Thats what Im trying to find out. I have a normal LG led hd tv. My friend has some R45k fancy tv. Now If you put the two next to each other, yes his will probaboy have a bit crisper picture, but nothing wrong with mine, it doesnt get stuck or slow when watching sport etc. 

So as an complete idiot when it comes to computers, I dont want to know what the fanciest thing out there is. I just want to know what type of specs should I look for in a pc for a 11year old to play games like minecraft and sport games. His not going to get a fancy 10k monitor. Just something that can handle the games and give nice clear, stable graphics on a normal hd monitor

Reactions: Like 1


----------



## Cornelius (7/11/19)

OK I am by no means a boffin. But I will try and help you out here. 

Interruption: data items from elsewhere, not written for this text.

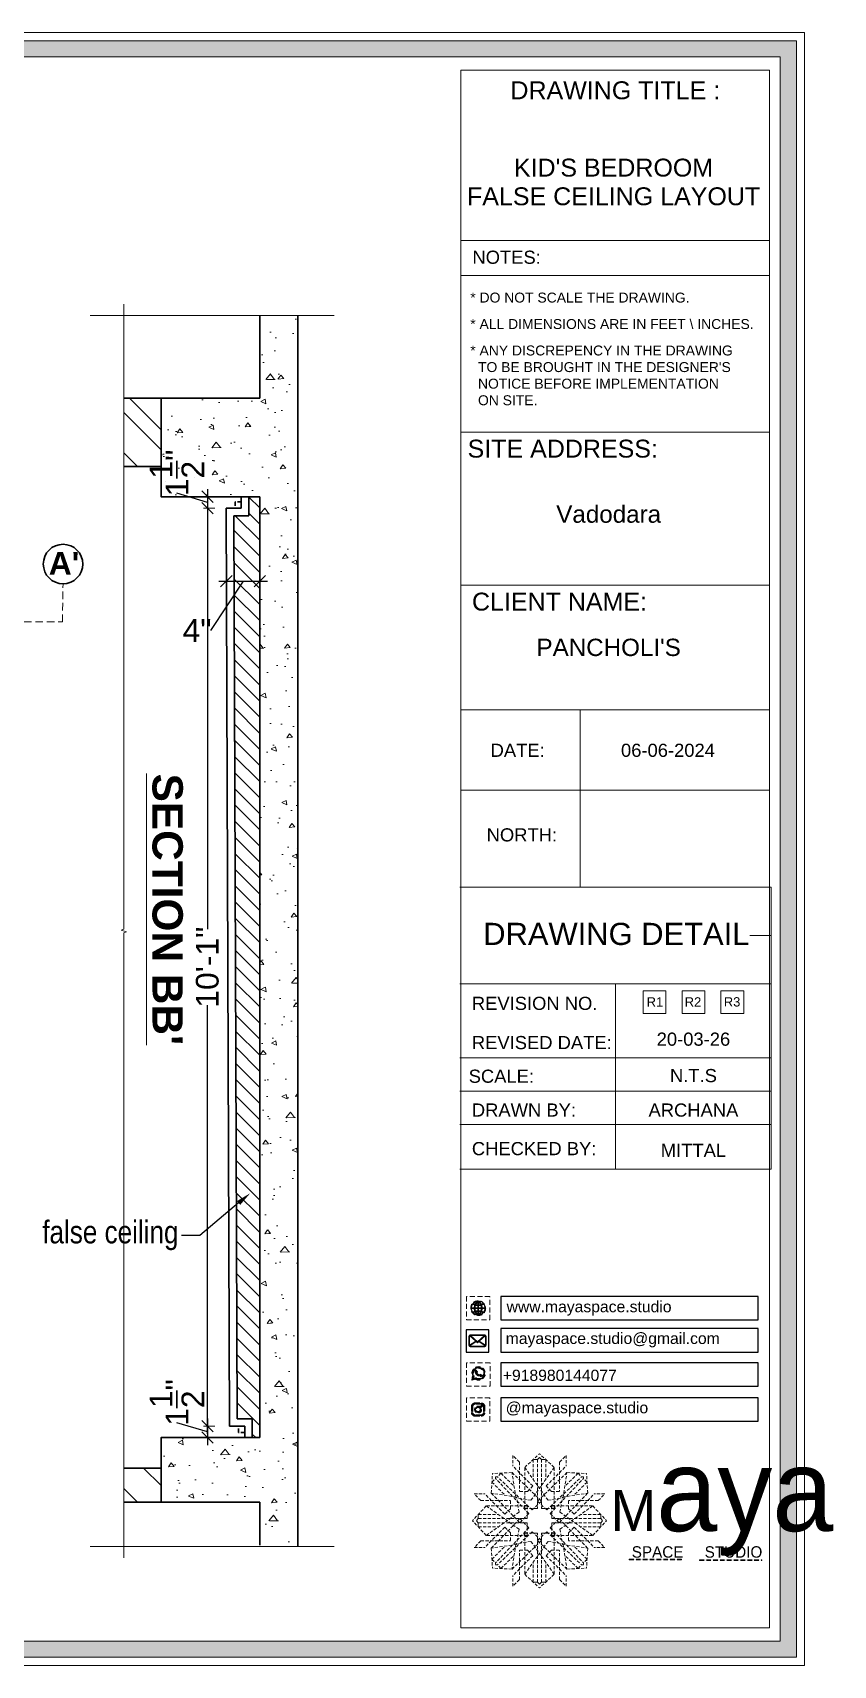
# Model space of a CAD drawing. Header units: millimetres. Extents: x 56222 to 3066687, y -650199 to -121287.
# Drawn here: x 134821.6 to 134927.1, y -183259.8 to -183044.7 of the extents above; entities that cross this region are included whole.
import ezdxf
from ezdxf import colors
from ezdxf.entities.mleader import LeaderData, LeaderLine
from ezdxf.enums import TextEntityAlignment as Align
from ezdxf.math import Vec2, Vec3

# ---------------------------------------------------------------- set-up
doc = ezdxf.new("R2010")
doc.units = ezdxf.units.MM
doc.header["$MEASUREMENT"] = 0
doc.header["$PDMODE"] = 35
doc.linetypes.add('00 . GROUND FLOOR$0$DASHED', pattern=[0.75, 0.5, -0.25])
doc.linetypes.add('DASHEDX2', pattern=[1.5, 1, -0.5])
doc.layers.get('Defpoints').update_dxf_attribs({"color": 220})
doc.layers.add('AR HATCH-7', color=7, linetype='Continuous')
for name, color, linetype, lineweight in [('DIM.', 250, 'Continuous', 13), ('Dimension', 10, 'DASHEDX2', 20), ('FURNITURE', 32, 'Continuous', 9), ('FURNITURE-1', 252, 'Continuous', 13), ('GROUND FLOOR', 7, 'Continuous', 9), ('GROUND FLOOR  ( HATCH )', 251, 'Continuous', 9), ('NAME PLATE', 7, 'Continuous', 25), ('SECTION ( SLAB PLine )', 104, 'Continuous', 30), ('Text', 7, 'Continuous', 15), ('wall', 7, 'Continuous', 30), ('XX~SLAB ( BEAM )~ ( DIM )', 7, 'Continuous', 9)]:
    doc.layers.add(name, color=color, linetype=linetype, lineweight=lineweight)
doc.styles.add('Arial', font='arial.ttf')
doc.styles.get("Standard").update_dxf_attribs({"font": 'arial.ttf', "height": 6})
doc.styles.add('style4', font='ARIALN.TTF')
doc.dimstyles.new('Archana', dxfattribs={"dimtxt": 3, "dimasz": 1.5, "dimexe": 0.5, "dimexo": 0.5, "dimgap": 0, "dimtad": 0, "dimzin": 0, "dimdsep": 46, "dimlunit": 4, "dimtxsty": 'Arial', "dimblk": 'OBLIQUE', "dimcen": 0, "dimdle": 1, "dimclrd": 1, "dimclre": 1, "dimclrt": 5, "dimadec": 0, "dimazin": 0, "dimtfac": 1, "dimtofl": 0, "dimtmove": 1, "dimatfit": 3, "dimfxl": 1, "dimfxlon": 1, "dimtolj": 1, "dimtzin": 0, "dimlwd": 25, "dimlwe": -1, "dimarcsym": 0})
pattern_1 = [(185, (0, 0), (-4.62807079, 5.51551999), [0.75, -8.25]), (130, (0, 0), (-4.3376815, -6.29992167), [0.6, -6.6]), (235.4514445, (-0.386, 0.4596), (-8.96575221, -0.78440164), [0.63740192, -7.01142112]), (181.1842, (-1.414, -1.414), (-6.37613776, 8.71693388), [1.125, -12.375]), (231.6356355, (-1.946, -0.688), (-13.4971167, -0.2790007), [0.9561034, -10.5171376]), (126.184164, (-1.414, -1.414), (-13.4971167, -0.2790007), [0.9, -9.9]), (156, (-1.768, -0.3536), (-1.37382476, 7.06771572), [0.75, -8.25]), (101, (-1.768, -0.3536), (-6.84808435, -3.40708593), [0.6, -6.6]), (206.4514447, (-1.882, 0.2354), (-8.22190906, 3.66062975), [0.6374019, -7.01142112]), (172.5, (0, 0), (-2.439898176, -2.267931853), [0, -6.52, 0, -6.7, 0, -6.625]), (142.5, (0, 0), (-4.6490945, -0.92872942), [0, -3.82, 0, -6.37, 0, -2.525]), (102.5, (1.5768, -1.5768), (-3.615207618, 3.934181673), [0, -2.5, 0, -7.8, 0, -10.35]), (92.5, (2.284, -2.284), (-4.83159807, 3.41589983), [0, -3.25, 0, -5.18, 0, -7.35])]

# ---------------------------------------------------------------- blocks, each defined once
blk = doc.blocks.new('FSFSF')
at = {"color": 42, "lineweight": 5, "true_color": 0xe0ac11}
for p, q in [((28600.03, 143.51), (28600.03, 140.16)), ((28602.15, 141.41), (28600.03, 143.51)), ((28602.15, 141.41), (28602.15, 131.95)), ((28603.86, 139.69), (28608.58, 144.08)), ((28607.9, 142.22), (28606.58, 142.22)), ((28606.58, 142.22), (28606.58, 135.84)), ((28607.9, 142.22), (28608.58, 142.85)), ((28607.9, 142.22), (28607.9, 126.58)), ((28613.31, 139.69), (28608.58, 144.08)), ((28609.27, 142.22), (28608.59, 142.85)), ((28609.27, 142.22), (28609.27, 126.58)), ((28609.27, 142.22), (28610.59, 142.22)), ((28610.59, 142.22), (28610.59, 135.84)), ((28615.02, 141.41), (28617.14, 143.51)), ((28615.02, 141.41), (28615.02, 131.95)), ((28617.14, 143.51), (28617.14, 140.16)), ((28593.19, 131.45), (28593.54, 137.71)), ((28593.39, 135), (28594.56, 136.12)), ((28599.8, 138.06), (28593.54, 137.71)), ((28595.12, 136.69), (28594.53, 136.69)), ((28594.56, 136.12), (28594.56, 136.71)), ((28605.17, 124.98), (28594.56, 136.12)), ((28596.24, 137.86), (28595.12, 136.69)), ((28606.27, 126.08), (28595.12, 136.69)), ((28596.24, 137.86), (28600.47, 133.65)), ((28601.03, 130), (28599.8, 138.06)), ((28599.8, 138.05), (28608.58, 129.56)), ((28606.47, 133.76), (28600.03, 140.16)), ((28603.86, 126.58), (28603.86, 139.69)), ((28603.86, 139.69), (28608.58, 133.02)), ((28613.31, 139.69), (28608.59, 133.02)), ((28617.37, 138.05), (28608.59, 129.56)), ((28610.7, 133.76), (28617.14, 140.16)), ((28610.9, 126.08), (28622.05, 136.69)), ((28612.02, 124.98), (28622.62, 136.12)), ((28613.31, 126.58), (28613.31, 139.69)), ((28616.14, 130), (28617.37, 138.06)), ((28620.93, 137.86), (28616.7, 133.65)), ((28617.37, 138.06), (28623.63, 137.71)), ((28620.93, 137.86), (28622.05, 136.69)), ((28622.05, 136.69), (28622.64, 136.69)), ((28622.62, 136.12), (28622.62, 136.71)), ((28623.8, 135), (28622.62, 136.12)), ((28624, 131.45), (28623.65, 137.71)), ((28587.73, 131.22), (28591.08, 131.22)), ((28589.84, 129.1), (28587.73, 131.22)), ((28597.49, 124.78), (28591.08, 131.22)), ((28593.19, 131.45), (28601.69, 122.67)), ((28601.25, 130.22), (28593.19, 131.45)), ((28593.39, 135), (28597.6, 130.78)), ((28604.75, 131.95), (28602.15, 131.95)), ((28606.47, 133.76), (28604.75, 131.95)), ((28605.86, 129.18), (28608.58, 133.02)), ((28611.31, 129.18), (28608.59, 133.02)), ((28610.7, 133.76), (28612.42, 131.95)), ((28612.42, 131.95), (28615.02, 131.95)), ((28623.99, 131.45), (28615.5, 122.67)), ((28615.94, 130.22), (28624, 131.45)), ((28623.8, 135), (28619.59, 130.78)), ((28619.7, 124.78), (28626.1, 131.22)), ((28629.45, 131.22), (28626.1, 131.22)), ((28627.34, 129.1), (28629.45, 131.22)), ((28591.56, 127.39), (28587.17, 122.66)), ((28589.84, 129.1), (28599.29, 129.1)), ((28604.66, 127.39), (28591.56, 127.39)), ((28591.56, 127.39), (28598.23, 122.67)), ((28597.49, 124.78), (28599.29, 126.5)), ((28602.07, 125.39), (28598.23, 122.67)), ((28599.29, 126.5), (28599.29, 129.1)), ((28605.86, 129.18), (28601.03, 130)), ((28602.07, 125.39), (28601.25, 130.22)), ((28603.68, 126.54), (28603.68, 127.39)), ((28604.66, 126.54), (28603.68, 126.54)), ((28604.71, 127.57), (28603.86, 127.57)), ((28607.9, 126.58), (28603.86, 126.58)), ((28604.66, 123.35), (28604.66, 127.39)), ((28604.7, 126.58), (28604.71, 127.57)), ((28606.27, 126.08), (28608.58, 128.27)), ((28607.9, 128.92), (28608.58, 129.56)), ((28607.9, 128.92), (28608.58, 128.27)), ((28609.27, 128.92), (28608.59, 129.56)), ((28609.27, 128.92), (28608.59, 128.27)), ((28610.9, 126.08), (28608.59, 128.27)), ((28609.27, 126.58), (28613.31, 126.58)), ((28611.31, 129.18), (28616.14, 130)), ((28612.46, 126.58), (28612.46, 127.57)), ((28612.46, 127.57), (28613.31, 127.57)), ((28612.52, 123.35), (28612.52, 127.39)), ((28612.52, 127.39), (28625.63, 127.39)), ((28612.52, 126.54), (28613.51, 126.54)), ((28613.51, 126.54), (28613.51, 127.39)), ((28615.12, 125.39), (28615.94, 130.22)), ((28615.12, 125.39), (28618.96, 122.67)), ((28627.34, 129.1), (28617.89, 129.1)), ((28617.89, 126.5), (28617.89, 129.1)), ((28619.7, 124.78), (28617.89, 126.5)), ((28625.63, 127.39), (28618.96, 122.67)), ((28625.63, 127.39), (28630.02, 122.66)), ((28591.56, 117.94), (28587.17, 122.66)), ((28589.03, 123.35), (28588.4, 122.67)), ((28589.03, 121.98), (28588.4, 122.65)), ((28589.03, 123.35), (28589.03, 124.67)), ((28589.03, 124.67), (28595.4, 124.67)), ((28589.03, 123.35), (28604.66, 123.35)), ((28589.03, 121.98), (28604.66, 121.98)), ((28589.03, 121.98), (28589.03, 120.66)), ((28589.03, 120.66), (28595.4, 120.66)), ((28597.49, 120.54), (28591.08, 114.11)), ((28591.56, 117.94), (28598.23, 122.65)), ((28593.19, 113.88), (28601.69, 122.65)), ((28605.17, 120.35), (28594.56, 109.2)), ((28597.49, 120.54), (28599.29, 118.83)), ((28602.07, 119.94), (28598.23, 122.65)), ((28602.33, 123.35), (28601.69, 122.67)), ((28602.33, 121.98), (28601.69, 122.65)), ((28602.33, 123.35), (28602.97, 122.67)), ((28602.33, 121.98), (28602.97, 122.65)), ((28605.17, 124.98), (28602.97, 122.67)), ((28605.17, 120.35), (28602.97, 122.65)), ((28604.66, 121.98), (28604.66, 117.94)), ((28612.02, 124.98), (28614.21, 122.67)), ((28612.02, 120.35), (28614.21, 122.65)), ((28612.02, 120.35), (28622.62, 109.2)), ((28628.16, 123.35), (28612.52, 123.35)), ((28612.52, 121.98), (28612.52, 117.94)), ((28628.16, 121.98), (28612.52, 121.98)), ((28614.85, 123.35), (28614.21, 122.67)), ((28614.85, 121.98), (28614.21, 122.65)), ((28614.85, 123.35), (28615.5, 122.67)), ((28614.85, 121.98), (28615.5, 122.65)), ((28615.12, 119.94), (28618.96, 122.65)), ((28623.99, 113.88), (28615.5, 122.65)), ((28619.7, 120.54), (28617.89, 118.83)), ((28625.63, 117.94), (28618.96, 122.65)), ((28619.7, 120.54), (28626.1, 114.11)), ((28628.16, 124.67), (28621.78, 124.67)), ((28628.16, 120.66), (28621.78, 120.66)), ((28625.63, 117.94), (28630.02, 122.66)), ((28628.16, 123.35), (28628.16, 124.67)), ((28628.16, 123.35), (28628.78, 122.67)), ((28628.16, 121.98), (28628.78, 122.65)), ((28628.16, 121.98), (28628.16, 120.66)), ((28589.84, 116.23), (28587.73, 114.11)), ((28589.84, 116.23), (28599.29, 116.23)), ((28604.66, 117.94), (28591.56, 117.94)), ((28601.25, 115.1), (28593.19, 113.87)), ((28606.27, 119.15), (28595.12, 108.54)), ((28599.29, 118.83), (28599.29, 116.23)), ((28599.8, 107.17), (28608.58, 115.67)), ((28601.03, 115.23), (28599.8, 107.17)), ((28605.86, 116.05), (28601.03, 115.23)), ((28602.07, 119.94), (28601.25, 115.1)), ((28604.66, 118.78), (28603.68, 118.78)), ((28603.68, 118.78), (28603.68, 117.94)), ((28607.9, 118.65), (28603.86, 118.65)), ((28603.86, 118.65), (28603.86, 105.54)), ((28604.71, 117.66), (28603.86, 117.66)), ((28604.7, 118.65), (28604.71, 117.66)), ((28605.86, 116.05), (28608.58, 112.21)), ((28606.27, 119.15), (28608.58, 116.96)), ((28607.9, 103.01), (28607.9, 118.65)), ((28607.9, 116.31), (28608.58, 116.96)), ((28607.9, 116.31), (28608.58, 115.67)), ((28610.9, 119.15), (28608.59, 116.96)), ((28609.27, 116.31), (28608.59, 116.96)), ((28609.27, 116.31), (28608.59, 115.67)), ((28611.31, 116.05), (28608.59, 112.21)), ((28617.37, 107.17), (28608.59, 115.67)), ((28609.27, 118.65), (28613.31, 118.65)), ((28609.27, 103.01), (28609.27, 118.65)), ((28610.9, 119.15), (28622.05, 108.54)), ((28611.31, 116.05), (28616.14, 115.23)), ((28612.46, 118.65), (28612.46, 117.66)), ((28612.46, 117.66), (28613.31, 117.66)), ((28612.52, 118.78), (28613.51, 118.78)), ((28612.52, 117.94), (28625.63, 117.94)), ((28613.31, 118.65), (28613.31, 105.54)), ((28613.51, 118.78), (28613.51, 117.94)), ((28615.12, 119.94), (28615.94, 115.1)), ((28615.94, 115.1), (28624, 113.87)), ((28616.14, 115.23), (28617.37, 107.17)), ((28617.89, 118.83), (28617.89, 116.23)), ((28627.34, 116.23), (28617.89, 116.23)), ((28627.34, 116.23), (28629.45, 114.11)), ((28587.73, 114.11), (28591.08, 114.11)), ((28593.19, 113.87), (28593.54, 107.62)), ((28593.39, 110.32), (28597.6, 114.55)), ((28593.39, 110.32), (28594.56, 109.2)), ((28596.24, 107.37), (28600.47, 111.58)), ((28606.47, 111.47), (28600.03, 105.07)), ((28602.15, 103.82), (28602.15, 113.27)), ((28604.75, 113.27), (28602.15, 113.27)), ((28603.86, 105.54), (28608.58, 112.21)), ((28606.47, 111.47), (28604.75, 113.27)), ((28613.31, 105.54), (28608.59, 112.21)), ((28610.7, 111.47), (28612.42, 113.27)), ((28610.7, 111.47), (28617.14, 105.07)), ((28612.42, 113.27), (28615.02, 113.27)), ((28615.02, 103.82), (28615.02, 113.27)), ((28620.93, 107.37), (28616.7, 111.58)), ((28623.8, 110.32), (28619.59, 114.55)), ((28623.8, 110.32), (28622.62, 109.2)), ((28624, 113.87), (28623.65, 107.62)), ((28629.45, 114.11), (28626.1, 114.11)), ((28599.8, 107.17), (28593.54, 107.52)), ((28595.12, 108.54), (28594.53, 108.54)), ((28594.56, 109.2), (28594.56, 108.61)), ((28596.24, 107.37), (28595.12, 108.54)), ((28600.03, 101.71), (28600.03, 105.07)), ((28603.86, 105.54), (28608.58, 101.15)), ((28606.58, 103.01), (28606.58, 109.38)), ((28613.31, 105.54), (28608.58, 101.15)), ((28610.59, 103.01), (28610.59, 109.38)), ((28617.14, 101.71), (28617.14, 105.07)), ((28617.37, 107.17), (28623.63, 107.52)), ((28620.93, 107.37), (28622.05, 108.54)), ((28622.05, 108.54), (28622.64, 108.54)), ((28622.62, 109.2), (28622.62, 108.61)), ((28602.15, 103.82), (28600.03, 101.71)), ((28607.9, 103.01), (28606.58, 103.01)), ((28607.9, 103.01), (28608.58, 102.38)), ((28609.27, 103.01), (28608.59, 102.38)), ((28609.27, 103.01), (28610.59, 103.01)), ((28615.02, 103.82), (28617.14, 101.71))]:
    blk.add_line(p, q, dxfattribs=at)
blk = doc.blocks.new('hgwg')
at = {"layer": 'Dimension', "true_color": 0xd39e00}
h = blk.add_hatch(color=42, dxfattribs=at)
h.dxf.hatch_style = 1
h.paths.add_polyline_path([(27505.71, 45.05), (27494.27, 45.05), (27494.27, 44.9), (27505.71, 44.9)])
h = blk.add_hatch(color=42, dxfattribs=at)
h.dxf.hatch_style = 1
h.paths.add_polyline_path([(27523.3, 44.9), (27509.68, 44.9), (27509.68, 44.75), (27523.3, 44.75)])
at = {"layer": 'Dimension', "color": 42, "true_color": 0xd39e00}
for p, q in [((27494.27, 45.05), (27505.71, 45.05)), ((27494.27, 44.9), (27494.27, 45.05)), ((27494.27, 44.9), (27505.71, 44.9)), ((27505.71, 45.05), (27505.71, 44.9)), ((27509.68, 44.9), (27523.3, 44.9)), ((27509.68, 44.9), (27509.68, 44.75)), ((27509.68, 44.75), (27523.3, 44.75)), ((27523.3, 44.75), (27523.3, 44.9))]:
    blk.add_line(p, q, dxfattribs=at)
at = {"layer": 'Dimension', "color": 42, "true_color": 0xd39e00, "attachment_point": 1}
for s, width, insert, char_height in [('{\\fCinzel|b0|i0|c0|p2;\\H1.5x;M\\fAmsterdam One|b0|i0|c0|p2;\\H2x;aya}', 85.3277, (27490.17, 69.17), 6), ('{\\fCinzel|b0|i0|c0|p0;SPACE     STUDIO}', 66.129, (27494.83, 47.86), 2.5)]:
    blk.add_mtext_dynamic_manual_height_columns(s, width=width, gutter_width=30, heights=[0], dxfattribs=dict(at, insert=insert, char_height=char_height))
blk = doc.blocks.new('QEGW4TG')
at = {"layer": 'Dimension', "true_color": 0x000000}
h = blk.add_hatch(color=18, dxfattribs=at)
h.dxf.hatch_style = 1
h.paths.add_polyline_path([(2.69, 1.93, 0.170513), (2.95, 1.97, 0.190337), (3.11, 2.18, 0.316231), (3.07, 2.28), (2.79, 2.37, 0.273721), (2.69, 2.34, 0.040749), (2.63, 2.27, -0.441282), (2.53, 2.25, -0.11828), (2.06, 2.64, -0.441282), (2.07, 2.74, 0.040749), (2.13, 2.81, 0.290083), (2.14, 2.92), (2.01, 3.18, 0.316231), (1.91, 3.2, 0.190337), (1.73, 3, 0.170513), (1.72, 2.74, 0.252784)], flags=0)
h.paths.add_polyline_path([(1.19, 1.98), (1.03, 1.3, 0.550912), (1.11, 1.23), (1.75, 1.39, 6.344125)])
h.paths.add_polyline_path([(1.81, 1.7), (1.4, 1.6), (1.5, 2.03, -9.071339)], flags=16)
h.paths.add_polyline_path([(3.11, 2.16, -0.17811), (2.95, 1.97, -0.170513), (2.69, 1.93, -0.252784), (1.72, 2.74, -0.170513), (1.73, 3, -0.17811), (1.89, 3.19, -0.370089), (2.01, 3.18), (2.14, 2.92, -0.307185), (2.13, 2.8, -0.041087), (2.06, 2.73, 0.321676), (2.05, 2.65, 0.126524), (2.55, 2.24, 0.312216), (2.62, 2.26, -0.041087), (2.68, 2.34, -0.290673), (2.79, 2.37), (3.07, 2.28, -0.370089)], flags=0)
h = blk.add_hatch(color=18, dxfattribs=at)
h.dxf.hatch_style = 1
h.paths.add_polyline_path([(2.79, 2.37, 0.273721), (2.69, 2.34, 0.040749), (2.63, 2.27, -0.441282), (2.53, 2.25, -0.11828), (2.06, 2.64, -0.441282), (2.07, 2.74, 0.040749), (2.13, 2.81, 0.290083), (2.14, 2.92), (2.01, 3.18, 0.316231), (1.91, 3.2, 0.190337), (1.73, 3, 0.170513), (1.72, 2.74, 0.252784), (2.69, 1.93, 0.170513), (2.95, 1.97, 0.190337), (3.11, 2.18, 0.316231), (3.07, 2.28)])
for p, q in [((1.19, 1.98), (1.03, 1.3)), ((1.1, 1.23), (1.75, 1.39)), ((1.5, 2.03), (1.4, 1.6)), ((1.4, 1.6), (1.81, 1.7)), ((2.01, 3.18), (2.14, 2.92)), ((3.07, 2.28), (2.8, 2.36))]:
    blk.add_line(p, q)
blk.add_lwpolyline([(0, 0), (4.68, 0), (4.68, 4.68), (0, 4.68)], close=True)
for centre, radius, start, end in [((2.39, 2.56), 1.34, 241.4727, 205.6422), ((2.39, 2.56), 1.04, 235.9962, 210.8333), ((1.09, 1.29), 0.0598, 164.8483, 282.1458), ((2.09, 2.87), 0.39, 159.7007, 198.4072), ((2.96, 3.23), 1.33, 201.4218, 258.1669), ((2.07, 2.87), 0.364, 118.9685, 159.3648), ((1.94, 3.12), 0.0896, 41.8985, 123.1344), ((2.11, 2.68), 0.066, 135.9932, 224.8892), ((1.67, 3.16), 0.586, 312.4617, 321.8728), ((3.12, 3.42), 1.31, 216.5455, 243.5279), ((2.05, 2.87), 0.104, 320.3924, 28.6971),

Gaming PC's a couple of factors
1. Software and games develop at an alarming rate and upgrades are not uncommon. 
2. If you don't have a big Data cap, don't even consider it. Almost all PC games and software for that matter needs downloading now. ( I just downloaded Borderlands 3, something like 56GB) 
3. If you do decide on a PC It will be wise to go with something that has upgrade possibilities for at least 2 to 3 years. ( AMD is normally better at this option ) 
4. Graphics cards can be more expensive than 5 x play stations, however there are nice 2nd hand ones available for great prices.
5. Yes Graphics are insanely good especially if you have a strong setup
6. If you go for a 8th or 9th Gen Intel i5 or i7 and want to upgrade to a gaming PC later then yes very much a possibility 
7. There are older systems available second hand that will be more than capable to play most AAA titles at a PS4 price. 
8. 2 important factors to remember with a PC , a good power supply and a screen can set you back a bit as well. 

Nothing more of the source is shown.